Podocarpus hispaniolensis
- Conservation status: Endangered (IUCN 3.1)

Scientific classification
- Kingdom: Plantae
- Clade: Tracheophytes
- Clade: Gymnosperms
- Division: Pinophyta
- Class: Pinopsida
- Order: Araucariales
- Family: Podocarpaceae
- Genus: Podocarpus
- Species: P. hispaniolensis
- Binomial name: Podocarpus hispaniolensis de Laub.
- Synonyms: Podocarpus buchii var. latifolius Florin

= Podocarpus hispaniolensis =

- Authority: de Laub.
- Conservation status: EN
- Synonyms: Podocarpus buchii var. latifolius Florin

Species of conifer

Podocarpus hispaniolensis is a species of conifer in the family Podocarpaceae. It is endemic to the Dominican Republic.

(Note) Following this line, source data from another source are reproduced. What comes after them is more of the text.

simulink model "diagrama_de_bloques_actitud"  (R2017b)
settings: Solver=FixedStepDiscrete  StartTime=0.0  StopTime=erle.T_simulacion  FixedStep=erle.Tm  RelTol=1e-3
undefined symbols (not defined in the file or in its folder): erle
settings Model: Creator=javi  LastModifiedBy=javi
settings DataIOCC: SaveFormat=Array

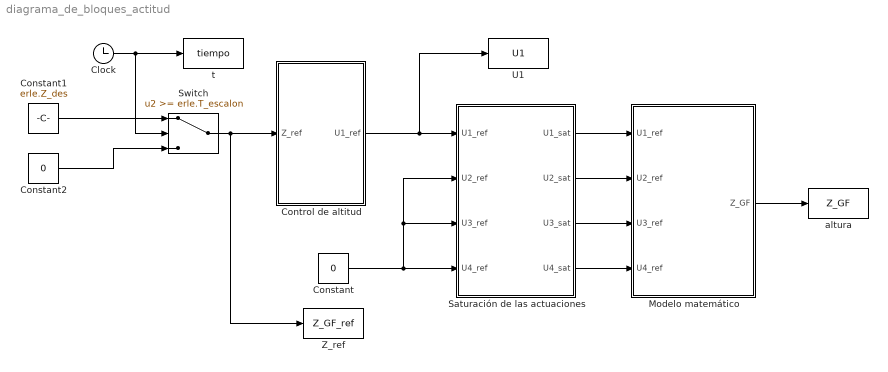
== system diagrama_de_bloques_actitud ==
  Clock : Clock
  Constant : Constant  Value=0
  Constant1 : Constant  Value=erle.Z_des
  Constant2 : Constant  Value=0
  Control de altitud : Subsystem
  Modelo matemático : Subsystem
  Saturación de las actuaciones : Subsystem
  Switch : Switch  Threshold=erle.T_escalon
  U1 : ToWorkspace  VariableName=U1  SampleTime=erle.Tm
  Z_ref : ToWorkspace  VariableName=Z_GF_ref  SampleTime=erle.Tm
  altura : ToWorkspace  VariableName=Z_GF  SampleTime=erle.Tm
  "t " : ToWorkspace  VariableName=tiempo  SampleTime=erle.Tm
  wires:
  Saturación de las actuaciones/1(U1_sat) -> Modelo matemático/1(U1_ref)
  Saturación de las actuaciones/2(U2_sat) -> Modelo matemático/2(U2_ref)
  Saturación de las actuaciones/3(U3_sat) -> Modelo matemático/3(U3_ref)
  Saturación de las actuaciones/4(U4_sat) -> Modelo matemático/4(U4_ref)
  Modelo matemático/1(Z_GF) -> altura/1
  Clock/1 -> Switch/2, "t "/1
  Constant/1 -> Saturación de las actuaciones/4(U4_ref), Saturación de las actuaciones/3(U3_ref), Saturación de las actuaciones/2(U2_ref)
  Switch/1 -> Z_ref/1, Control de altitud/1(Z_ref)
  Constant1/1 -> Switch/1
  Constant2/1 -> Switch/3
  Control de altitud/1(U1_ref) -> U1/1, Saturación de las actuaciones/1(U1_ref)

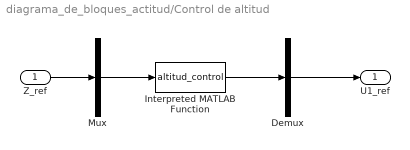
== system diagrama_de_bloques_actitud/Control de altitud ==
  Z_ref : Inport
  Demux : Demux  Outputs=1
  Interpreted MATLAB Function : MATLABFcn  MATLABFcn=altitud_control
  Mux : Mux  Inputs=1
  U1_ref : Outport
  wires:
  Interpreted MATLAB Function/1 -> Demux/1
  Demux/1 -> U1_ref/1
  Z_ref/1 -> Mux/1
  Mux/1 -> Interpreted MATLAB Function/1

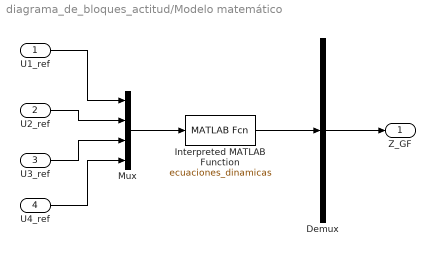
== system diagrama_de_bloques_actitud/Modelo matemático ==
  U1_ref : Inport
  U2_ref : Inport  Port=2
  U3_ref : Inport  Port=3
  U4_ref : Inport  Port=4
  Demux : Demux  Outputs=1
  Interpreted MATLAB Function : MATLABFcn  MATLABFcn=ecuaciones_dinamicas  OutputDimensions=1
  Mux : Mux
  Z_GF : Outport
  wires:
  U3_ref/1 -> Mux/3
  Mux/1 -> Interpreted MATLAB Function/1
  U2_ref/1 -> Mux/2
  U4_ref/1 -> Mux/4
  U1_ref/1 -> Mux/1
  Interpreted MATLAB Function/1 -> Demux/1
  Demux/1 -> Z_GF/1

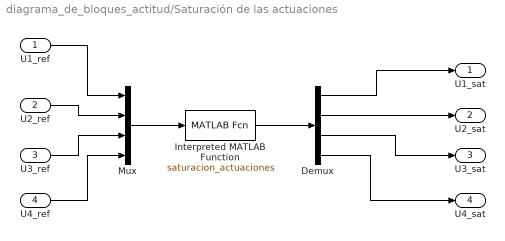
== system diagrama_de_bloques_actitud/Saturación de las actuaciones ==
  U1_ref : Inport
  U2_ref : Inport  Port=2
  U3_ref : Inport  Port=3
  U4_ref : Inport  Port=4
  Demux : Demux
  Interpreted MATLAB Function : MATLABFcn  MATLABFcn=saturacion_actuaciones  OutputDimensions=4
  Mux : Mux
  U1_sat : Outport
  U2_sat : Outport  Port=2
  U3_sat : Outport  Port=3
  U4_sat : Outport  Port=4
  wires:
  Demux/1 -> U1_sat/1
  Interpreted MATLAB Function/1 -> Demux/1
  Demux/2 -> U2_sat/1
  U3_ref/1 -> Mux/3
  Demux/3 -> U3_sat/1
  U4_ref/1 -> Mux/4
  U2_ref/1 -> Mux/2
  U1_ref/1 -> Mux/1
  Demux/4 -> U4_sat/1
  Mux/1 -> Interpreted MATLAB Function/1

This tree grows in rainforest habitat with Prestoea montana, Clusia clusioides, Cyrilla racemiflora, Byrsonima lucida, Didymopanax tremulus, Haenianthus salicifolius, and Magnolia pallescens. The population of this plant is fragmented and made up of scattered individuals. The habitat is degraded by logging. The timber of this species has been overharvested for construction wood.